### About this task:
First find the line with "#27=AXIS2_PLACEMENT_3D('',#24,#25,#26);" in the entries below, then set down exactly every line through the line with "#49=DIRECTION('',(1.,0.,0.));", that line included.

Top of Exercise input

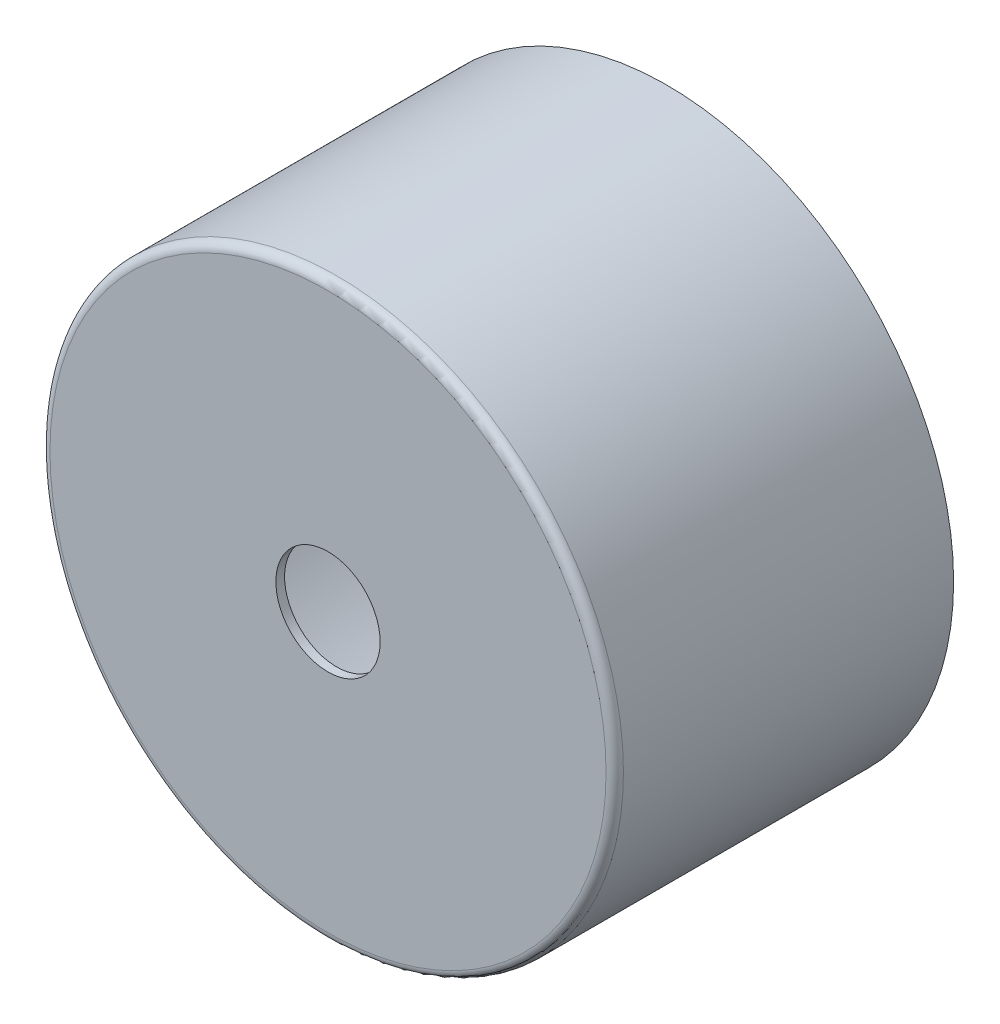
ISO-10303-21;
HEADER;
FILE_DESCRIPTION(('STEP AP214'),'2;1');
FILE_NAME('part.step','',(''),(''),'','','');
FILE_SCHEMA(('AUTOMOTIVE_DESIGN { 1 0 10303 214 1 1 1 1 }'));
ENDSEC;
DATA;
#1=APPLICATION_CONTEXT('core data for automotive mechanical design processes');
#2=APPLICATION_PROTOCOL_DEFINITION('international standard','automotive_design',2000,#1);
#3=PRODUCT_CONTEXT('',#1,'mechanical');
#4=PRODUCT('Part','Part','',(#3));
#5=PRODUCT_RELATED_PRODUCT_CATEGORY('part','',(#4));
#6=PRODUCT_DEFINITION_FORMATION('','',#4);
#7=PRODUCT_DEFINITION_CONTEXT('part definition',#1,'design');
#8=PRODUCT_DEFINITION('design','',#6,#7);
#9=PRODUCT_DEFINITION_SHAPE('','',#8);
#10=(LENGTH_UNIT() NAMED_UNIT(*) SI_UNIT(.MILLI.,.METRE.));
#11=(NAMED_UNIT(*) PLANE_ANGLE_UNIT() SI_UNIT($,.RADIAN.));
#12=(NAMED_UNIT(*) SI_UNIT($,.STERADIAN.) SOLID_ANGLE_UNIT());
#13=UNCERTAINTY_MEASURE_WITH_UNIT(LENGTH_MEASURE(1.E-05),#10,'distance_accuracy_value','');
#14=(GEOMETRIC_REPRESENTATION_CONTEXT(3) GLOBAL_UNCERTAINTY_ASSIGNED_CONTEXT((#13)) GLOBAL_UNIT_ASSIGNED_CONTEXT((#10,
#11,#12)) REPRESENTATION_CONTEXT('',''));
#15=CARTESIAN_POINT('',(0.,0.,0.));
#16=DIRECTION('',(0.,0.,1.));
#17=DIRECTION('',(1.,0.,0.));
#18=AXIS2_PLACEMENT_3D('',#15,#16,#17);
#19=CARTESIAN_POINT('',(0.,0.,-19.5));
#20=DIRECTION('',(0.,0.,1.));
#21=DIRECTION('',(1.,0.,0.));
#22=AXIS2_PLACEMENT_3D('',#19,#20,#21);
#23=CYLINDRICAL_SURFACE('',#22,16.5);
#24=CARTESIAN_POINT('',(0.,0.,-0.5));
#25=DIRECTION('',(0.,0.,1.));
#26=DIRECTION('',(1.,0.,0.));
#27=AXIS2_PLACEMENT_3D('',#24,#25,#26);
#28=CIRCLE('',#27,16.5);
#29=CARTESIAN_POINT('',(16.5,0.,-0.5));
#30=VERTEX_POINT('',#29);
#31=EDGE_CURVE('E10',#30,#30,#28,.F.);
#32=ORIENTED_EDGE('',*,*,#31,.T.);
#33=EDGE_LOOP('',(#32));
#34=FACE_BOUND('',#33,.T.);
#35=CARTESIAN_POINT('',(0.,0.,-19.5));
#36=DIRECTION('',(0.,0.,1.));
#37=DIRECTION('',(1.,0.,0.));
#38=AXIS2_PLACEMENT_3D('',#35,#36,#37);
#39=CIRCLE('',#38,16.5);
#40=CARTESIAN_POINT('',(16.5,0.,-19.5));
#41=VERTEX_POINT('',#40);
#42=EDGE_CURVE('E43',#41,#41,#39,.T.);
#43=ORIENTED_EDGE('',*,*,#42,.T.);
#44=EDGE_LOOP('',(#43));
#45=FACE_BOUND('',#44,.T.);
#46=ADVANCED_FACE('F32',(#34,#45),#23,.T.);
#47=CARTESIAN_POINT('',(0.,0.,-19.5));
#48=DIRECTION('',(0.,0.,1.));
#49=DIRECTION('',(1.,0.,0.));
#50=AXIS2_PLACEMENT_3D('',#47,#48,#49);
#51=PLANE('',#50);
#52=CARTESIAN_POINT('',(0.,0.,-19.5));
#53=DIRECTION('',(0.,0.,1.));
#54=DIRECTION('',(1.,0.,0.));
#55=AXIS2_PLACEMENT_3D('',#52,#53,#54);
#56=CIRCLE('',#55,16.);
#57=CARTESIAN_POINT('',(16.,0.,-19.5));
#58=VERTEX_POINT('',#57);
#59=EDGE_CURVE('E47',#58,#58,#56,.T.);
#60=ORIENTED_EDGE('',*,*,#59,.T.);
#61=EDGE_LOOP('',(#60));
#62=FACE_BOUND('',#61,.T.);
#63=ORIENTED_EDGE('',*,*,#42,.F.);
#64=EDGE_LOOP('',(#63));
#65=FACE_BOUND('',#64,.T.);
#66=ADVANCED_FACE('F68',(#62,#65),#51,.F.);
#67=CARTESIAN_POINT('',(0.,0.,0.));
#68=DIRECTION('',(0.,0.,1.));
#69=DIRECTION('',(1.,0.,0.));
#70=AXIS2_PLACEMENT_3D('',#67,#68,#69);
#71=PLANE('',#70);
#72=CARTESIAN_POINT('',(0.,0.,0.));
#73=DIRECTION('',(0.,0.,1.));
#74=DIRECTION('',(1.,0.,0.));
#75=AXIS2_PLACEMENT_3D('',#72,#73,#74);
#76=CIRCLE('',#75,16.);
#77=CARTESIAN_POINT('',(16.,0.,0.));
#78=VERTEX_POINT('',#77);
#79=EDGE_CURVE('E39',#78,#78,#76,.T.);
#80=ORIENTED_EDGE('',*,*,#79,.T.);
#81=EDGE_LOOP('',(#80));
#82=FACE_BOUND('',#81,.T.);
#83=CARTESIAN_POINT('',(0.,0.,0.));
#84=DIRECTION('',(0.,0.,1.));
#85=DIRECTION('',(1.,0.,0.));
#86=AXIS2_PLACEMENT_3D('',#83,#84,#85);
#87=CIRCLE('',#86,3.);
#88=CARTESIAN_POINT('',(3.,0.,0.));
#89=VERTEX_POINT('',#88);
#90=EDGE_CURVE('E53',#89,#89,#87,.T.);
#91=ORIENTED_EDGE('',*,*,#90,.F.);
#92=EDGE_LOOP('',(#91));
#93=FACE_BOUND('',#92,.T.);
#94=ADVANCED_FACE('F65',(#82,#93),#71,.T.);
#95=CARTESIAN_POINT('',(0.,0.,-19.5));
#96=DIRECTION('',(0.,0.,1.));
#97=DIRECTION('',(1.,0.,0.));
#98=AXIS2_PLACEMENT_3D('',#95,#96,#97);
#99=CYLINDRICAL_SURFACE('',#98,16.);
#100=ORIENTED_EDGE('',*,*,#59,.F.);
#101=EDGE_LOOP('',(#100));
#102=FACE_BOUND('',#101,.T.);
#103=CARTESIAN_POINT('',(0.,0.,-0.5));
#104=DIRECTION('',(0.,0.,1.));
#105=DIRECTION('',(1.,0.,0.));
#106=AXIS2_PLACEMENT_3D('',#103,#104,#105);
#107=CIRCLE('',#106,16.);
#108=CARTESIAN_POINT('',(16.,0.,-0.5));
#109=VERTEX_POINT('',#108);
#110=EDGE_CURVE('E52',#109,#109,#107,.T.);
#111=ORIENTED_EDGE('',*,*,#110,.T.);
#112=EDGE_LOOP('',(#111));
#113=FACE_BOUND('',#112,.T.);
#114=ADVANCED_FACE('F67',(#102,#113),#99,.F.);
#115=CARTESIAN_POINT('',(0.,0.,-0.5));
#116=DIRECTION('',(0.,0.,1.));
#117=DIRECTION('',(1.,0.,0.));
#118=AXIS2_PLACEMENT_3D('',#115,#116,#117);
#119=PLANE('',#118);
#120=CARTESIAN_POINT('',(0.,0.,-0.5));
#121=DIRECTION('',(0.,0.,1.));
#122=DIRECTION('',(1.,0.,0.));
#123=AXIS2_PLACEMENT_3D('',#120,#121,#122);
#124=CIRCLE('',#123,3.);
#125=CARTESIAN_POINT('',(3.,0.,-0.5));
#126=VERTEX_POINT('',#125);
#127=EDGE_CURVE('E50',#126,#126,#124,.T.);
#128=ORIENTED_EDGE('',*,*,#127,.T.);
#129=EDGE_LOOP('',(#128));
#130=FACE_BOUND('',#129,.T.);
#131=ORIENTED_EDGE('',*,*,#110,.F.);
#132=EDGE_LOOP('',(#131));
#133=FACE_BOUND('',#132,.T.);
#134=ADVANCED_FACE('F74',(#130,#133),#119,.F.);
#135=CARTESIAN_POINT('',(0.,0.,-19.5));
#136=DIRECTION('',(0.,0.,1.));
#137=DIRECTION('',(1.,0.,0.));
#138=AXIS2_PLACEMENT_3D('',#135,#136,#137);
#139=CYLINDRICAL_SURFACE('',#138,3.);
#140=ORIENTED_EDGE('',*,*,#90,.T.);
#141=EDGE_LOOP('',(#140));
#142=FACE_BOUND('',#141,.T.);
#143=ORIENTED_EDGE('',*,*,#127,.F.);
#144=EDGE_LOOP('',(#143));
#145=FACE_BOUND('',#144,.T.);
#146=ADVANCED_FACE('F62',(#142,#145),#139,.F.);
#147=CARTESIAN_POINT('',(0.,0.,-0.5));
#148=DIRECTION('',(0.,0.,1.));
#149=DIRECTION('',(1.,0.,0.));
#150=AXIS2_PLACEMENT_3D('',#147,#148,#149);
#151=TOROIDAL_SURFACE('',#150,16.,0.5);
#152=ORIENTED_EDGE('',*,*,#31,.F.);
#153=EDGE_LOOP('',(#152));
#154=FACE_BOUND('',#153,.T.);
#155=ORIENTED_EDGE('',*,*,#79,.F.);
#156=EDGE_LOOP('',(#155));
#157=FACE_BOUND('',#156,.T.);
#158=ADVANCED_FACE('F34',(#154,#157),#151,.T.);
#159=CLOSED_SHELL('',(#46,#66,#94,#114,#134,#146,#158));
#160=MANIFOLD_SOLID_BREP('B2',#159);
#161=ADVANCED_BREP_SHAPE_REPRESENTATION('',(#18,#160),#14);
#162=SHAPE_DEFINITION_REPRESENTATION(#9,#161);
ENDSEC;
END-ISO-10303-21;

Bottom of Exercise input

### Solution to the problem:
#27=AXIS2_PLACEMENT_3D('',#24,#25,#26);
#28=CIRCLE('',#27,16.5);
#29=CARTESIAN_POINT('',(16.5,0.,-0.5));
#30=VERTEX_POINT('',#29);
#31=EDGE_CURVE('E10',#30,#30,#28,.F.);
#32=ORIENTED_EDGE('',*,*,#31,.T.);
#33=EDGE_LOOP('',(#32));
#34=FACE_BOUND('',#33,.T.);
#35=CARTESIAN_POINT('',(0.,0.,-19.5));
#36=DIRECTION('',(0.,0.,1.));
#37=DIRECTION('',(1.,0.,0.));
#38=AXIS2_PLACEMENT_3D('',#35,#36,#37);
#39=CIRCLE('',#38,16.5);
#40=CARTESIAN_POINT('',(16.5,0.,-19.5));
#41=VERTEX_POINT('',#40);
#42=EDGE_CURVE('E43',#41,#41,#39,.T.);
#43=ORIENTED_EDGE('',*,*,#42,.T.);
#44=EDGE_LOOP('',(#43));
#45=FACE_BOUND('',#44,.T.);
#46=ADVANCED_FACE('F32',(#34,#45),#23,.T.);
#47=CARTESIAN_POINT('',(0.,0.,-19.5));
#48=DIRECTION('',(0.,0.,1.));
#49=DIRECTION('',(1.,0.,0.));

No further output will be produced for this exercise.